Working data
· · ·

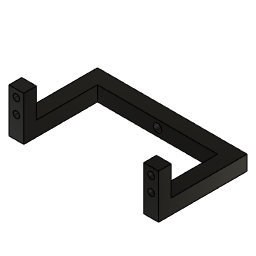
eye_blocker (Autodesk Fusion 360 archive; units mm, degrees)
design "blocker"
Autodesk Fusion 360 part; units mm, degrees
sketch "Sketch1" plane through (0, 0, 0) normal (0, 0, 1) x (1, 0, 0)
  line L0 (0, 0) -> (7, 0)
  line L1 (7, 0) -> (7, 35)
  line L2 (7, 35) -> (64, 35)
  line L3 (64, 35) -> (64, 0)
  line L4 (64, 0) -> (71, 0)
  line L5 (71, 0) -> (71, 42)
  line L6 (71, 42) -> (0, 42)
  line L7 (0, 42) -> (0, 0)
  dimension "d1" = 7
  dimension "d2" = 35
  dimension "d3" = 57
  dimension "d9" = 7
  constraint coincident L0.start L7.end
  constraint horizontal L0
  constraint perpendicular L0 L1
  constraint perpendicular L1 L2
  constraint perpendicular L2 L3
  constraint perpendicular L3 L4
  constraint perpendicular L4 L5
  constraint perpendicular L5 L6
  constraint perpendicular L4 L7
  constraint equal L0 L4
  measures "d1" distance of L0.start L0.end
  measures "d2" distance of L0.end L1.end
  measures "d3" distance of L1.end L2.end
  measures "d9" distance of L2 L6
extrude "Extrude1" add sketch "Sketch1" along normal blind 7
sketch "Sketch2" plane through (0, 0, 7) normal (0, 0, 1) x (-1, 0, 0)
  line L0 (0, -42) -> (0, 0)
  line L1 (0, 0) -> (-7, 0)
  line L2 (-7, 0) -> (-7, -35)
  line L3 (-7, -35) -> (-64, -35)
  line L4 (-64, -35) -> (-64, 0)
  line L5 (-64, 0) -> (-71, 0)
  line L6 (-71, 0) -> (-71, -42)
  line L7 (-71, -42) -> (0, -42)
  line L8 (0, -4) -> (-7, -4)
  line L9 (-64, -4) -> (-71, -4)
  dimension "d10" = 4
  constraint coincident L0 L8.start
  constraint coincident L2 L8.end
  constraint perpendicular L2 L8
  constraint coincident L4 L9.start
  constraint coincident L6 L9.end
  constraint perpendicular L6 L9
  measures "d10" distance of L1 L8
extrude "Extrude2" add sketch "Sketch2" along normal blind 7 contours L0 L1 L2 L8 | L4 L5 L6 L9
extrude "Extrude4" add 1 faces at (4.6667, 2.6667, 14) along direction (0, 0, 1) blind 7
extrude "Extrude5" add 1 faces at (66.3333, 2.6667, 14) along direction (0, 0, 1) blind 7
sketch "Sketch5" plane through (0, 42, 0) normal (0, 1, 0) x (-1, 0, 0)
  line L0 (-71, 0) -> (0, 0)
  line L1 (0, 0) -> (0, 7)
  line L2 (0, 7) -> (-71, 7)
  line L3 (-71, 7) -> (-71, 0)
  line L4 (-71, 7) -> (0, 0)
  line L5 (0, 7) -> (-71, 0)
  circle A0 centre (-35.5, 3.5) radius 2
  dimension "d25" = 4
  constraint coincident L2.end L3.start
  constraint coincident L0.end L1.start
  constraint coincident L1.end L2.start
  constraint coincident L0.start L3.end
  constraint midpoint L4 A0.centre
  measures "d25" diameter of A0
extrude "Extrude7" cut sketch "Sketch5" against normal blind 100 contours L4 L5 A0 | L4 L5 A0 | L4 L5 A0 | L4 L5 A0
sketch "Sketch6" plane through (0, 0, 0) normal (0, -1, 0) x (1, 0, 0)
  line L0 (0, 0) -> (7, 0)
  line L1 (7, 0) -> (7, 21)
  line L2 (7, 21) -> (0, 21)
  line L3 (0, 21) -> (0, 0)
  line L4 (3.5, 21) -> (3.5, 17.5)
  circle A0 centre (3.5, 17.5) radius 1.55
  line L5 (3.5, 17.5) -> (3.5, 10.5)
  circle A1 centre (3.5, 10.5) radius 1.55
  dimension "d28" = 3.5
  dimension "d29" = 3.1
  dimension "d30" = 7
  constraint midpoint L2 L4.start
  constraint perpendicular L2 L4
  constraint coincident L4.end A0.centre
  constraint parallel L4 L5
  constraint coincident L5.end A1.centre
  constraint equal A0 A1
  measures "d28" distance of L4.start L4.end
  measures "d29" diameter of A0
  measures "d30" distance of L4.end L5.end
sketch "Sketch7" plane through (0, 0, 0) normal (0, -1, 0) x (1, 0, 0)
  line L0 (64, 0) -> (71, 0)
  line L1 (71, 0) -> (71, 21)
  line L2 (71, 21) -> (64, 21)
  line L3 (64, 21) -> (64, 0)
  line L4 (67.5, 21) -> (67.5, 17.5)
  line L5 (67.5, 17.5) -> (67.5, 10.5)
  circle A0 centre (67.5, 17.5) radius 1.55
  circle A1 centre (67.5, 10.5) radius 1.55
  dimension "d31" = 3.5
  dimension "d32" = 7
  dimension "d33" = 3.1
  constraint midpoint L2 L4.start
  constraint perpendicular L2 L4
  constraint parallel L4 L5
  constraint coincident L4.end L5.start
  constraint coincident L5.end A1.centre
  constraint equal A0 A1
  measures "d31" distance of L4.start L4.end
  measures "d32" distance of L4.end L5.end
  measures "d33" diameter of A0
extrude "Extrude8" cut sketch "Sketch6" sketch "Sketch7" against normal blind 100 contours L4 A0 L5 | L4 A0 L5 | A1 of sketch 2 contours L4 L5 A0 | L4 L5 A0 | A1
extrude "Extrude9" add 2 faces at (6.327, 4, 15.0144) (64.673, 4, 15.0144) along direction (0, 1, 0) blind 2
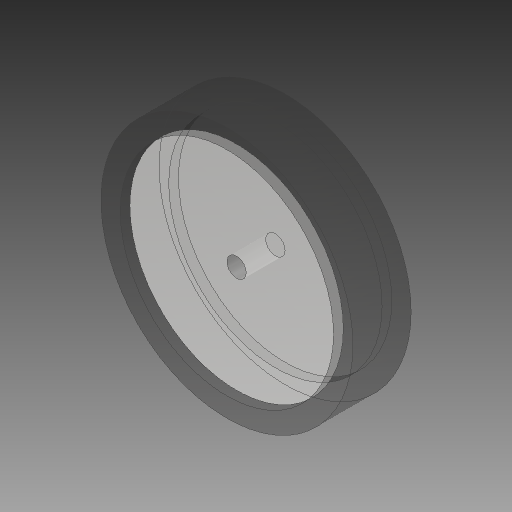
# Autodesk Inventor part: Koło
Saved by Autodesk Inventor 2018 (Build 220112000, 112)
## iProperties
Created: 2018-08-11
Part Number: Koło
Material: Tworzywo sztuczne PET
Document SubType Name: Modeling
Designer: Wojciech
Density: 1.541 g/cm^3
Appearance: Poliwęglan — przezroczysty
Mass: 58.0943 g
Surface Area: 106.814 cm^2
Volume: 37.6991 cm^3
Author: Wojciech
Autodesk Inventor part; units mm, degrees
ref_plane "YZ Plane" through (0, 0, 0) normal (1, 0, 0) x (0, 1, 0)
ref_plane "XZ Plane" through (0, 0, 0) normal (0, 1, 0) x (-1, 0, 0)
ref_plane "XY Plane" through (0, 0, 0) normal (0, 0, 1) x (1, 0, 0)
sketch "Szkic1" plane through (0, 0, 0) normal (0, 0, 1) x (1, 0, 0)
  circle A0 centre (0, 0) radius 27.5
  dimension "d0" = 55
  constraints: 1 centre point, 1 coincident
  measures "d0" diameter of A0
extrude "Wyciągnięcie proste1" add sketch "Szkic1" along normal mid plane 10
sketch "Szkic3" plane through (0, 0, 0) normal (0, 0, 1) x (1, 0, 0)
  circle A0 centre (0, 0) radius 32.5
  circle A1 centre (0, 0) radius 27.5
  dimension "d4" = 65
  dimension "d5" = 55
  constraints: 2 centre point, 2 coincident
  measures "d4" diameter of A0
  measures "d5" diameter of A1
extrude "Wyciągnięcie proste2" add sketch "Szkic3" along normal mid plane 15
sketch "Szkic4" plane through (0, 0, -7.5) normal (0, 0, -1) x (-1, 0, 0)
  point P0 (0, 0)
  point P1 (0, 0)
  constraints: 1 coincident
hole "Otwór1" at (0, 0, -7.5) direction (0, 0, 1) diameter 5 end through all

· · ·

What is expected
Everything in the data above, apart from the pictures, should be retyped exactly.

Answer area
eye_blocker (Autodesk Fusion 360 archive; units mm, degrees)
design "blocker"
Autodesk Fusion 360 part; units mm, degrees
sketch "Sketch1" plane through (0, 0, 0) normal (0, 0, 1) x (1, 0, 0)
  line L0 (0, 0) -> (7, 0)
  line L1 (7, 0) -> (7, 35)
  line L2 (7, 35) -> (64, 35)
  line L3 (64, 35) -> (64, 0)
  line L4 (64, 0) -> (71, 0)
  line L5 (71, 0) -> (71, 42)
  line L6 (71, 42) -> (0, 42)
  line L7 (0, 42) -> (0, 0)
  dimension "d1" = 7
  dimension "d2" = 35
  dimension "d3" = 57
  dimension "d9" = 7
  constraint coincident L0.start L7.end
  constraint horizontal L0
  constraint perpendicular L0 L1
  constraint perpendicular L1 L2
  constraint perpendicular L2 L3
  constraint perpendicular L3 L4
  constraint perpendicular L4 L5
  constraint perpendicular L5 L6
  constraint perpendicular L4 L7
  constraint equal L0 L4
  measures "d1" distance of L0.start L0.end
  measures "d2" distance of L0.end L1.end
  measures "d3" distance of L1.end L2.end
  measures "d9" distance of L2 L6
extrude "Extrude1" add sketch "Sketch1" along normal blind 7
sketch "Sketch2" plane through (0, 0, 7) normal (0, 0, 1) x (-1, 0, 0)
  line L0 (0, -42) -> (0, 0)
  line L1 (0, 0) -> (-7, 0)
  line L2 (-7, 0) -> (-7, -35)
  line L3 (-7, -35) -> (-64, -35)
  line L4 (-64, -35) -> (-64, 0)
  line L5 (-64, 0) -> (-71, 0)
  line L6 (-71, 0) -> (-71, -42)
  line L7 (-71, -42) -> (0, -42)
  line L8 (0, -4) -> (-7, -4)
  line L9 (-64, -4) -> (-71, -4)
  dimension "d10" = 4
  constraint coincident L0 L8.start
  constraint coincident L2 L8.end
  constraint perpendicular L2 L8
  constraint coincident L4 L9.start
  constraint coincident L6 L9.end
  constraint perpendicular L6 L9
  measures "d10" distance of L1 L8
extrude "Extrude2" add sketch "Sketch2" along normal blind 7 contours L0 L1 L2 L8 | L4 L5 L6 L9
extrude "Extrude4" add 1 faces at (4.6667, 2.6667, 14) along direction (0, 0, 1) blind 7
extrude "Extrude5" add 1 faces at (66.3333, 2.6667, 14) along direction (0, 0, 1) blind 7
sketch "Sketch5" plane through (0, 42, 0) normal (0, 1, 0) x (-1, 0, 0)
  line L0 (-71, 0) -> (0, 0)
  line L1 (0, 0) -> (0, 7)
  line L2 (0, 7) -> (-71, 7)
  line L3 (-71, 7) -> (-71, 0)
  line L4 (-71, 7) -> (0, 0)
  line L5 (0, 7) -> (-71, 0)
  circle A0 centre (-35.5, 3.5) radius 2
  dimension "d25" = 4
  constraint coincident L2.end L3.start
  constraint coincident L0.end L1.start
  constraint coincident L1.end L2.start
  constraint coincident L0.start L3.end
  constraint midpoint L4 A0.centre
  measures "d25" diameter of A0
extrude "Extrude7" cut sketch "Sketch5" against normal blind 100 contours L4 L5 A0 | L4 L5 A0 | L4 L5 A0 | L4 L5 A0
sketch "Sketch6" plane through (0, 0, 0) normal (0, -1, 0) x (1, 0, 0)
  line L0 (0, 0) -> (7, 0)
  line L1 (7, 0) -> (7, 21)
  line L2 (7, 21) -> (0, 21)
  line L3 (0, 21) -> (0, 0)
  line L4 (3.5, 21) -> (3.5, 17.5)
  circle A0 centre (3.5, 17.5) radius 1.55
  line L5 (3.5, 17.5) -> (3.5, 10.5)
  circle A1 centre (3.5, 10.5) radius 1.55
  dimension "d28" = 3.5
  dimension "d29" = 3.1
  dimension "d30" = 7
  constraint midpoint L2 L4.start
  constraint perpendicular L2 L4
  constraint coincident L4.end A0.centre
  constraint parallel L4 L5
  constraint coincident L5.end A1.centre
  constraint equal A0 A1
  measures "d28" distance of L4.start L4.end
  measures "d29" diameter of A0
  measures "d30" distance of L4.end L5.end
sketch "Sketch7" plane through (0, 0, 0) normal (0, -1, 0) x (1, 0, 0)
  line L0 (64, 0) -> (71, 0)
  line L1 (71, 0) -> (71, 21)
  line L2 (71, 21) -> (64, 21)
  line L3 (64, 21) -> (64, 0)
  line L4 (67.5, 21) -> (67.5, 17.5)
  line L5 (67.5, 17.5) -> (67.5, 10.5)
  circle A0 centre (67.5, 17.5) radius 1.55
  circle A1 centre (67.5, 10.5) radius 1.55
  dimension "d31" = 3.5
  dimension "d32" = 7
  dimension "d33" = 3.1
  constraint midpoint L2 L4.start
  constraint perpendicular L2 L4
  constraint parallel L4 L5
  constraint coincident L4.end L5.start
  constraint coincident L5.end A1.centre
  constraint equal A0 A1
  measures "d31" distance of L4.start L4.end
  measures "d32" distance of L4.end L5.end
  measures "d33" diameter of A0
extrude "Extrude8" cut sketch "Sketch6" sketch "Sketch7" against normal blind 100 contours L4 A0 L5 | L4 A0 L5 | A1 of sketch 2 contours L4 L5 A0 | L4 L5 A0 | A1
extrude "Extrude9" add 2 faces at (6.327, 4, 15.0144) (64.673, 4, 15.0144) along direction (0, 1, 0) blind 2
# Autodesk Inventor part: Koło
Saved by Autodesk Inventor 2018 (Build 220112000, 112)
## iProperties
Created: 2018-08-11
Part Number: Koło
Material: Tworzywo sztuczne PET
Document SubType Name: Modeling
Designer: Wojciech
Density: 1.541 g/cm^3
Appearance: Poliwęglan — przezroczysty
Mass: 58.0943 g
Surface Area: 106.814 cm^2
Volume: 37.6991 cm^3
Author: Wojciech
Autodesk Inventor part; units mm, degrees
ref_plane "YZ Plane" through (0, 0, 0) normal (1, 0, 0) x (0, 1, 0)
ref_plane "XZ Plane" through (0, 0, 0) normal (0, 1, 0) x (-1, 0, 0)
ref_plane "XY Plane" through (0, 0, 0) normal (0, 0, 1) x (1, 0, 0)
sketch "Szkic1" plane through (0, 0, 0) normal (0, 0, 1) x (1, 0, 0)
  circle A0 centre (0, 0) radius 27.5
  dimension "d0" = 55
  constraints: 1 centre point, 1 coincident
  measures "d0" diameter of A0
extrude "Wyciągnięcie proste1" add sketch "Szkic1" along normal mid plane 10
sketch "Szkic3" plane through (0, 0, 0) normal (0, 0, 1) x (1, 0, 0)
  circle A0 centre (0, 0) radius 32.5
  circle A1 centre (0, 0) radius 27.5
  dimension "d4" = 65
  dimension "d5" = 55
  constraints: 2 centre point, 2 coincident
  measures "d4" diameter of A0
  measures "d5" diameter of A1
extrude "Wyciągnięcie proste2" add sketch "Szkic3" along normal mid plane 15
sketch "Szkic4" plane through (0, 0, -7.5) normal (0, 0, -1) x (-1, 0, 0)
  point P0 (0, 0)
  point P1 (0, 0)
  constraints: 1 coincident
hole "Otwór1" at (0, 0, -7.5) direction (0, 0, 1) diameter 5 end through all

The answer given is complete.